The United States federal government sought to disburse more than $1 trillion in stimulus funding in the early days of the COVID-19 lockdown to help businesses stay afloat and pay citizens for urgent expenses. The money was sent out by check and direct deposit, yet millions did not receive the funds. Part of the problem was that the government did not have current address and account information for large shares of the U.S. population, which undermined central goals of the funding: to provide immediate financial relief to businesses and consumers and to stimulate a flatlining economy. The government has since turned to prepaid debit cards to reach some of the millions of citizens who fell through the cracks in the early phase of the program.
The situation illustrates a principle that is just as applicable to the private sector in the current socioeconomic moment: Analog paper-based processes are often not up to the task when speed and efficiency are paramount. Large and small firms’ operations have been thoroughly disrupted by the past months’ events. Some businesses have been forced to close their doors indefinitely, while others have had to quickly set up and manage remote workforces. All must still maintain financial relationships with what could be considered their most precious resource: their employees. This presents myriad challenges to payroll issuers that range from compensating employees who may no longer have access to timesheet filing systems to complying with the requirements of government aid programs such as the Paycheck Protection Program (PPP).
Some firms already had digital tools and platforms in place to streamline their payroll operations, but many others have had to scramble to adapt to these new realities. These businesses must find new ways to leverage digital technology to safeguard their staffs’ financial well-being in uncertain economic times, regardless of their existing capabilities. The economy will not simply reset itself as the pandemic eases — it will evolve in new ways that will require firms to demonstrate flexibility, technical agility and thinking beyond the traditional payroll cycle.
The trends transforming the labor market
The pandemic has dramatically shown why firms and their employees need more flexible compensation capabilities, especially those on the front lines of the crisis like nurses or delivery drivers. Many of these workers are now being required to work irregular shifts due to distancing policies or unprecedented demand. Employers in certain industry segments may also have to manage hazard and overtime pay or offer other financial incentives in addition to paying workers off-cycle.
These changing circumstances go both ways: Workers may be required to work less predictable schedules, and they also have financial needs that do not necessarily fit neatly within the traditional two-week pay cycle. The ongoing situation may compound cash flow gaps for such workers — their hours may have been cut, for example, yet they may continue to bear the cost of stocking up on groceries and safety supplies. On-demand payment options may take on special urgency for such workers.

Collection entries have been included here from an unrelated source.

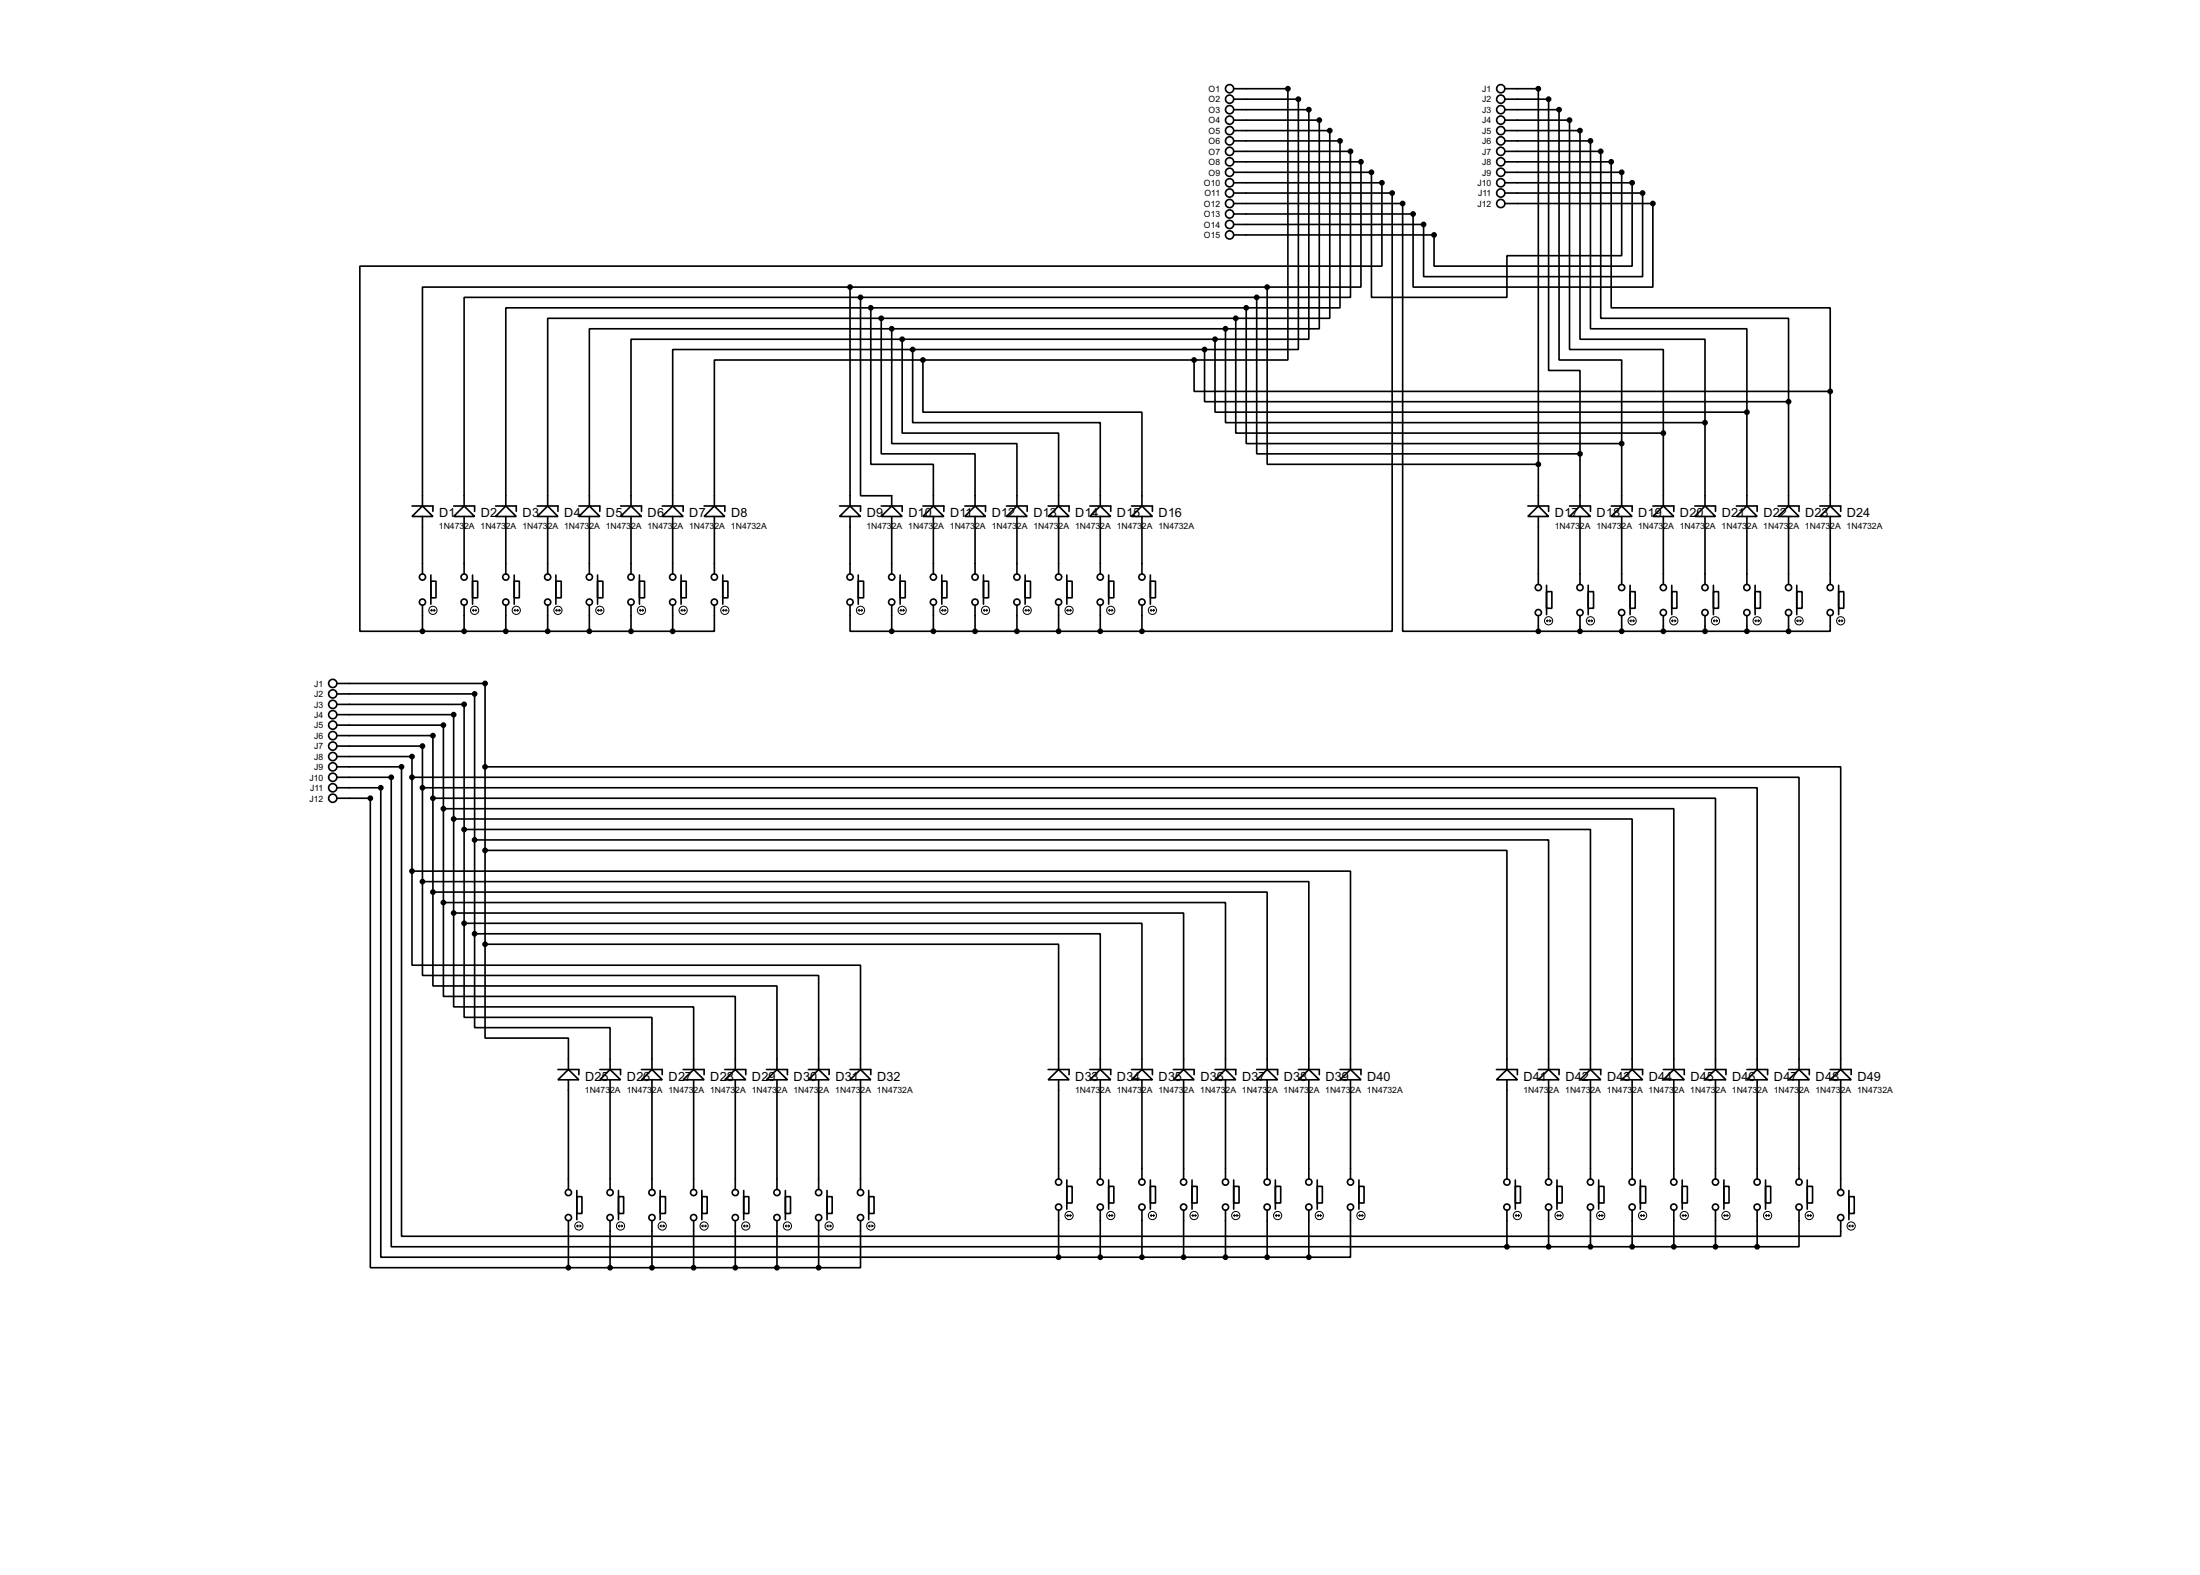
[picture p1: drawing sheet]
<svg xmlns="http://www.w3.org/2000/svg" width="536mm" height="383mm" viewBox="0 0 536 383" stroke-linecap="round" stroke-linejoin="round" font-family="sans-serif">
<g fill="none" stroke="#000" stroke-width=".4">
<path d="M300.5 21.6h13.2v66.1h-22.8M300.5 24.2h15.8v60.9h-22.9M300.5 26.7h18.3v55.9h-22.8M300.5 29.3h20.9v50.8h-22.9M300.5 31.8h23.4v45.7h-22.9M300.5 34.3h25.9v40.7h-22.8M300.5 36.9h28.5v35.5h-22.9M300.5 39.4h31v30.5h-22.8M366.6 24.2h10.6v66h7.7v20.3M366.6 26.7h13.2v61h15.2v20.3M366.6 29.3h15.7v55.8h22.9v20.4M366.6 31.8h18.3v50.8h30.4v20.3"/>
<path d="M366.6 34.3h20.8v45.8h38.1v20.3M366.6 36.9h23.3v40.6h45.8v20.3M366.6 39.4h25.9v35.6h53.3v20.3M366.6 21.6h8.1v101.6M300.5 44.5h36.1v20.3h-248.9v88.9h15.2M300.5 47h38.6v106.7h-60.9M300.5 49.6h41.2v104.1h33M300.5 42h33.6v30.4h33v-10.1h27.9v-20.3h-28.4M366.6 44.5h31v20.3h-48.3v-7.6h-48.8M366.6 47h33.5v20.4h-53.3v-12.7h-46.3M366.6 49.6h36v20.3h-58.4v-17.8h-43.7M207.1 69.9h-104.2v53.3"/>
<path d="M207.1 69.9v53.3M207.1 69.9h101.6M209.6 72.4h-96.5v50.8M209.6 72.4v48.3h7.6v2.5M209.6 72.4h96.5M212.1 75h-88.9v48.2M212.1 75v38.1h15.3v10.1M212.1 75h91.5M214.7 77.5h-81.3v45.7M214.7 77.5v33h22.8v12.7M214.7 77.5h86.3M301 77.5v28h104.2"/>
<path d="M303.6 75v33h91.4M306.1 72.4v38.1h78.8M308.7 69.9v43.2h66M217.2 80.1h-73.6v43.1M217.2 80.1v27.9h30.5v15.2M217.2 80.1h81.3M219.8 82.6h-66.1v40.6M219.8 82.6v22.9h38.1v17.7M219.8 82.6h76.2M222.3 85.1h-58.4v38.1M222.3 85.1v17.8h45.7v20.3M222.3 85.1h71.1"/>
<path d="M224.8 87.7h-50.8v35.5M224.8 87.7v12.7h53.4v22.8M224.8 87.7h66.1M290.9 87.7v7.6h154.9M293.4 85.1v12.7h142.3M296 82.6v17.8h129.5M298.5 80.1v22.8h116.8M435.7 97.8v25.4M445.8 95.3v27.9M384.9 110.5v12.7M395 108v15.2M405.2 105.5v17.7"/>
<path d="M415.3 102.9v20.3M425.5 100.4v22.8M100.4 123.2h5.1v1.3M102.9 123.2l2.6 2.6h-5.1zM102.9 125.8v14M110.5 123.2h5.1v1.3M113.1 123.2l2.5 2.6h-5.1zM113.1 125.8v14M120.7 123.2h5.1v1.3M123.2 123.2l2.6 2.6h-5.1zM123.2 125.8v14M130.9 123.2h5v1.3"/>
<path d="M133.4 123.2l2.5 2.6h-5zM133.4 125.8v14M141 123.2h5.1v1.3M143.6 123.2l2.5 2.6h-5.1zM143.6 125.8v14M151.2 123.2h5.1v1.3M153.7 123.2l2.6 2.6h-5.1zM153.7 125.8v14M161.3 123.2h5.1v1.3M163.9 123.2l2.5 2.6h-5.1zM163.9 125.8v14M171.5 123.2h5.1v1.3"/>
<path d="M174 123.2l2.6 2.6h-5.1zM174 125.8v14M204.5 123.2h5.1v1.3M207.1 123.2l2.5 2.6h-5.1zM207.1 125.8v14M214.7 123.2h5.1v1.3M217.2 123.2l2.6 2.6h-5.1zM217.2 125.8v14M224.8 123.2h5.1v1.3M227.4 123.2l2.5 2.6h-5.1zM227.4 125.8v14M235 123.2h5.1v1.3"/>
<path d="M237.5 123.2l2.6 2.6h-5.1zM237.5 125.8v14M245.2 125.8l2.5-2.6 2.5 2.6zM245.2 123.2h5v1.3M247.7 125.8v14M255.3 123.2h5.1v1.3M257.9 123.2l2.5 2.6h-5.1zM257.9 125.8v14M265.5 123.2h5.1v1.3M268 123.2l2.6 2.6h-5.1zM268 125.8v14M275.6 123.2h5.1v1.3"/>
<path d="M278.2 123.2l2.5 2.6h-5.1zM278.2 125.8v14M372.2 123.2h5v1.3M374.7 123.2l2.5 2.6h-5zM374.7 125.8v16.5M382.3 123.2h5.1v1.3M384.9 123.2l2.5 2.6h-5.1zM384.9 125.8v16.5M392.5 123.2h5.1v1.3M395 123.2l2.6 2.6h-5.1zM395 125.8v16.5M402.6 123.2h5.1v1.3"/>
<path d="M405.2 123.2l2.5 2.6h-5.1zM405.2 125.8v16.5M412.8 123.2h5.1v1.3M415.3 123.2l2.6 2.6h-5.1zM415.3 125.8v16.5M423 123.2h5v1.3M425.5 123.2l2.5 2.6h-5zM425.5 125.8v16.5M433.1 123.2h5.1v1.3M435.7 123.2l2.5 2.6h-5.1zM435.7 125.8v16.5M443.3 123.2h5.1v1.3"/>
<path d="M445.8 123.2l2.6 2.6h-5.1zM445.8 125.8v16.5M102.9 147.4v6.3M102.9 153.7h61M105 141.5h1.2v4.1h-1.2zM105 140v7.1M113.1 147.4v6.3M115.1 141.5h1.3v4.1h-1.3zM115.1 140v7.1M123.2 147.4v6.3M125.3 141.5h1.2v4.1h-1.2zM125.3 140v7.1"/>
<path d="M133.4 147.4v6.3M135.4 141.5h1.3v4.1h-1.3zM135.4 140v7.1M143.6 147.4v6.3M145.6 141.5h1.3v4.1h-1.3zM145.6 140v7.1M153.7 147.4v6.3M155.8 141.5h1.2v4.1h-1.2zM155.8 140v7.1M163.9 147.4v6.3M165.9 141.5h1.3v4.1h-1.3zM165.9 140v7.1"/>
<path d="M174 147.4v6.3h-10.1M176.1 141.5h1.2v4.1h-1.2zM176.1 140v7.1M207.1 147.4v6.3h10.1M209.1 141.5h1.3v4.1h-1.3zM209.1 140v7.1M217.2 147.4v6.3M217.2 153.7h61M219.3 141.5h1.2v4.1h-1.2zM219.3 140v7.1M227.4 147.4v6.3M229.4 141.5h1.3v4.1h-1.3z"/>
<path d="M229.4 140v7.1M237.5 147.4v6.3M239.6 141.5h1.2v4.1h-1.2zM239.6 140v7.1M247.7 147.4v6.3M249.7 141.5h1.3v4.1h-1.3zM249.7 140v7.1M257.9 147.4v6.3M259.9 141.5h1.3v4.1h-1.3zM259.9 140v7.1M268 147.4v6.3M270.1 141.5h1.2v4.1h-1.2z"/>
<path d="M270.1 140v7.1M278.2 147.4v6.3M280.2 141.5h1.3v4.1h-1.3zM280.2 140v7.1M374.7 149.9v3.8M374.7 153.7h61M376.7 144.1h1.3v4h-1.3zM376.7 142.5v7.2M384.9 149.9v3.8M386.9 144.1h1.3v4h-1.3zM386.9 142.5v7.2M395 149.9v3.8"/>
<path d="M397.1 144.1h1.2v4h-1.2zM397.1 142.5v7.2M405.2 149.9v3.8M407.2 144.1h1.3v4h-1.3zM407.2 142.5v7.2M415.3 149.9v3.8M417.4 144.1h1.2v4h-1.2zM417.4 142.5v7.2M425.5 149.9v3.8M427.5 144.1h1.3v4h-1.3zM427.5 142.5v7.2M435.7 149.9v3.8"/>
<path d="M437.7 144.1h1.3v4h-1.3zM437.7 142.5v7.2M445.8 149.9v3.8h-10.1M447.9 144.1h1.2v4h-1.2zM447.9 142.5v7.2M82.1 171.5h31v53.3M82.1 166.4h36.1v63.5M82.1 169h33.5v58.4M82.1 174h28.4v48.3M82.1 176.6h25.9v43.2M82.1 179.1h23.4v38.1M82.1 186.7h15.7v114.3h350.6v-3.8"/>
<path d="M82.1 189.3h13.2v114.3h271.8M82.1 191.8h10.7v114.3h165.1M82.1 194.4h8.1v114.3h48.3M82.1 181.7h20.8v33M82.1 184.2h18.3v27.9M100.4 189.3h337.8v71.1M102.9 191.8h325.1v68.6M105.5 194.4h312.4v66M108 196.9h299.7v63.5M110.5 199.4h287.1v61M118.2 186.7h330.2v73.7M100.4 212.1v22.9h109.2v25.4"/>
<path d="M100.4 212.1h228.6v48.3M102.9 214.7v22.8h96.5v22.9M102.9 214.7h215.9v45.7M105.5 217.2v22.9h83.8v20.3M105.5 217.2h203.2v43.2M108 219.8v22.8h71.1v17.8M108 219.8h190.5v40.6M113.1 202h274.3v58.4M115.6 204.5h261.6v55.9M118.2 207.1h248.9v53.3M110.5 222.3v22.9h58.5v15.2M110.5 222.3h177.8v38.1"/>
<path d="M113.1 224.8v22.9h45.7v12.7M113.1 224.8h165.1v35.6M115.6 227.4v22.8h33v10.2M115.6 227.4h152.4v33M118.2 229.9v22.9h20.3v7.6M118.2 229.9h139.7v30.5M135.9 262.9l2.6-2.5 2.5 2.5zM135.9 260.4h5.1v1.3M138.5 262.9v26.7M146.1 260.4h5.1v1.3M148.6 260.4l2.6 2.5h-5.1zM148.6 262.9v26.7"/>
<path d="M156.3 262.9l2.5-2.5 2.5 2.5zM156.3 260.4h5v1.3M158.8 262.9v26.7M166.4 262.9l2.6-2.5 2.5 2.5zM166.4 260.4h5.1v1.3M169 262.9v26.7M176.6 262.9l2.5-2.5 2.6 2.5zM176.6 260.4h5.1v1.3M179.1 262.9v26.7M186.7 262.9l2.6-2.5 2.5 2.5zM186.7 260.4h5.1v1.3M189.3 262.9v26.7"/>
<path d="M196.9 260.4h5.1v1.3M199.4 260.4l2.6 2.5h-5.1zM199.4 262.9v26.7M207.1 262.9l2.5-2.5 2.5 2.5zM207.1 260.4h5v1.3M209.6 262.9v26.7M255.3 262.9l2.6-2.5 2.5 2.5zM255.3 260.4h5.1v1.3M257.9 262.9v24.2M265.5 262.9l2.5-2.5 2.6 2.5zM265.5 260.4h5.1v1.3M268 262.9v24.2"/>
<path d="M275.6 262.9l2.6-2.5 2.5 2.5zM275.6 260.4h5.1v1.3M278.2 262.9v24.2M285.8 260.4h5.1v1.3M288.3 260.4l2.6 2.5h-5.1zM288.3 262.9v24.2M296 262.9l2.5-2.5 2.5 2.5zM296 260.4h5v1.3M298.5 262.9v24.2M306.1 262.9l2.6-2.5 2.5 2.5zM306.1 260.4h5.1v1.3M308.7 262.9v24.2"/>
<path d="M316.3 262.9l2.5-2.5 2.6 2.5zM316.3 260.4h5.1v1.3M318.8 262.9v24.2M326.4 262.9l2.6-2.5 2.5 2.5zM326.4 260.4h5.1v1.3M329 262.9v24.2M364.5 262.9l2.6-2.5 2.5 2.5zM364.5 260.4h5.1v1.3M367.1 262.9v24.2M374.7 260.4h5.1v1.3M377.2 260.4l2.6 2.5h-5.1zM377.2 262.9v24.2"/>
<path d="M384.9 262.9l2.5-2.5 2.5 2.5zM384.9 260.4h5v1.3M387.4 262.9v24.2M395 262.9l2.6-2.5 2.5 2.5zM395 260.4h5.1v1.3M397.6 262.9v24.2M405.2 262.9l2.5-2.5 2.6 2.5zM405.2 260.4h5.1v1.3M407.7 262.9v24.2M415.3 262.9l2.6-2.5 2.5 2.5zM415.3 260.4h5.1v1.3M417.9 262.9v24.2"/>
<path d="M425.5 260.4h5.1v1.3M428 260.4l2.6 2.5h-5.1zM428 262.9v24.2M435.7 262.9l2.5-2.5 2.5 2.5zM435.7 260.4h5v1.3M438.2 262.9v24.2M445.8 262.9l2.6-2.5 2.5 2.5zM445.8 260.4h5.1v1.3M448.4 262.9v26.7M138.5 297.2v11.5M140.5 291.4h1.3v4.1h-1.3zM140.5 289.9v7.1"/>
<path d="M148.6 297.2v11.5M150.7 291.4h1.2v4.1h-1.2zM150.7 289.9v7.1M158.8 297.2v11.5M160.8 291.4h1.3v4.1h-1.3zM160.8 289.9v7.1M169 297.2v11.5M171 291.4h1.3v4.1h-1.3zM171 289.9v7.1M179.1 297.2v11.5M181.2 291.4h1.2v4.1h-1.2zM181.2 289.9v7.1"/>
<path d="M189.3 297.2v11.5M191.3 291.4h1.3v4.1h-1.3zM191.3 289.9v7.1M199.4 297.2v11.5M201.5 291.4h1.2v4.1h-1.2zM201.5 289.9v7.1M209.6 297.2v11.5h-10.2M211.6 291.4h1.3v4.1h-1.3zM211.6 289.9v7.1M257.9 294.7v11.4M259.9 288.9h1.3v4h-1.3zM259.9 287.3v7.1"/>
<path d="M268 294.7v11.4M270.1 288.9h1.2v4h-1.2zM270.1 287.3v7.1M278.2 294.7v11.4M280.2 288.9h1.3v4h-1.3zM280.2 287.3v7.1M288.3 294.7v11.4M290.4 288.9h1.2v4h-1.2zM290.4 287.3v7.1M298.5 294.7v11.4M300.5 288.9h1.3v4h-1.3zM300.5 287.3v7.1"/>
<path d="M308.7 294.7v11.4M310.7 288.9h1.3v4h-1.3zM310.7 287.3v7.1M318.8 294.7v11.4M320.9 288.9h1.2v4h-1.2zM320.9 287.3v7.1M329 294.7v11.4h-10.2M331 288.9h1.3v4h-1.3zM331 287.3v7.1M367.1 294.7v8.9M369.1 288.9h1.3v4h-1.3zM369.1 287.3v7.1"/>
<path d="M377.2 294.7v8.9M379.3 288.9h1.2v4h-1.2zM379.3 287.3v7.1M387.4 294.7v8.9M389.4 288.9h1.3v4h-1.3zM389.4 287.3v7.1M397.6 294.7v8.9M399.6 288.9h1.3v4h-1.3zM399.6 287.3v7.1M407.7 294.7v8.9M409.8 288.9h1.2v4h-1.2zM409.8 287.3v7.1"/>
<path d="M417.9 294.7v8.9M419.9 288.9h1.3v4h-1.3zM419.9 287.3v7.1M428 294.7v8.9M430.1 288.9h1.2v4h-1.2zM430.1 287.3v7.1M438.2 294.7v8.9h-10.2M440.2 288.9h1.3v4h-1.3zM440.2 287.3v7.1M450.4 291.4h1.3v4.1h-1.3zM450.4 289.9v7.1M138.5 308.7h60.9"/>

It is not just frontline workers whose work patterns are being disrupted, however. Many white-collar professionals and office workers are now working from home, including entire HR departments. Non-salaried workers may no longer be able to submit paper time sheets, whereas salaried professionals may find themselves having to work unusual hours from home and may seek stipends or other flexible pay options in light of these circumstances. These shifts are not going to be short-term and are expected to fundamentally alter professional life in the years ahead.
Emerging digital payroll solutions
Businesses are looking to address these challenges using digital payroll solutions that are already available in the market. Some are embracing self-service online tools such as websites that allow employees to access information about their pay, vacation time, benefits and other topics. A new generation of cloud-based mobile tools and faster payment options may be uniquely suited to the current moment, however.
One key innovation does away with the paper and direct deposit checks all together. Workers and contractors can be paid via debit cards or through virtual cards that rely on secure, transaction-specific codes. Payment is disbursed on credit card rails, therefore funds can be made available to workers faster and in more flexible ways than conventional payroll processing allows. Such card-based payment methods may be especially useful for workers who may otherwise have limited access to credit cards and banking services.
A number of payroll providers and firms are making it possible for workers to request same-day payment for work they have completed — or even before completion, in the case of pay advances. Such options have proven especially compelling for non-W2 workers and those making a living in the gig economy. More than two-thirds of gig workers who live “paycheck-to-paycheck” would be willing to switch to providers that offer pay advances. These workers believe having ready access to their paycheck would improve their overall well-being by allowing them to cover basic expenses and lessening financial stress, according to PYMNTS research.
Alongside these new flexible payment offerings are highly functional mobile tools like the MyADP app that put a host of vital tools at employees’ fingertips, including paycheck status, time-off requests and HR inquiries. Such apps often work in tandem with cloud-based HR platforms, which administrators and employees can use anywhere they have access to the internet, a vital capability at a time when HR teams may not have access to on-premise software systems. These cloud-based systems can even stay up-to-date on shifting regulations governing such matters as tax withholding and agency reporting. These are naturally important considerations when economic and regulatory environments are in flux.
Digital payroll innovations in the current era go well beyond offering basic conveniences to employees. They have the potential to secure and strengthen their financial lifelines and their senses of well-being.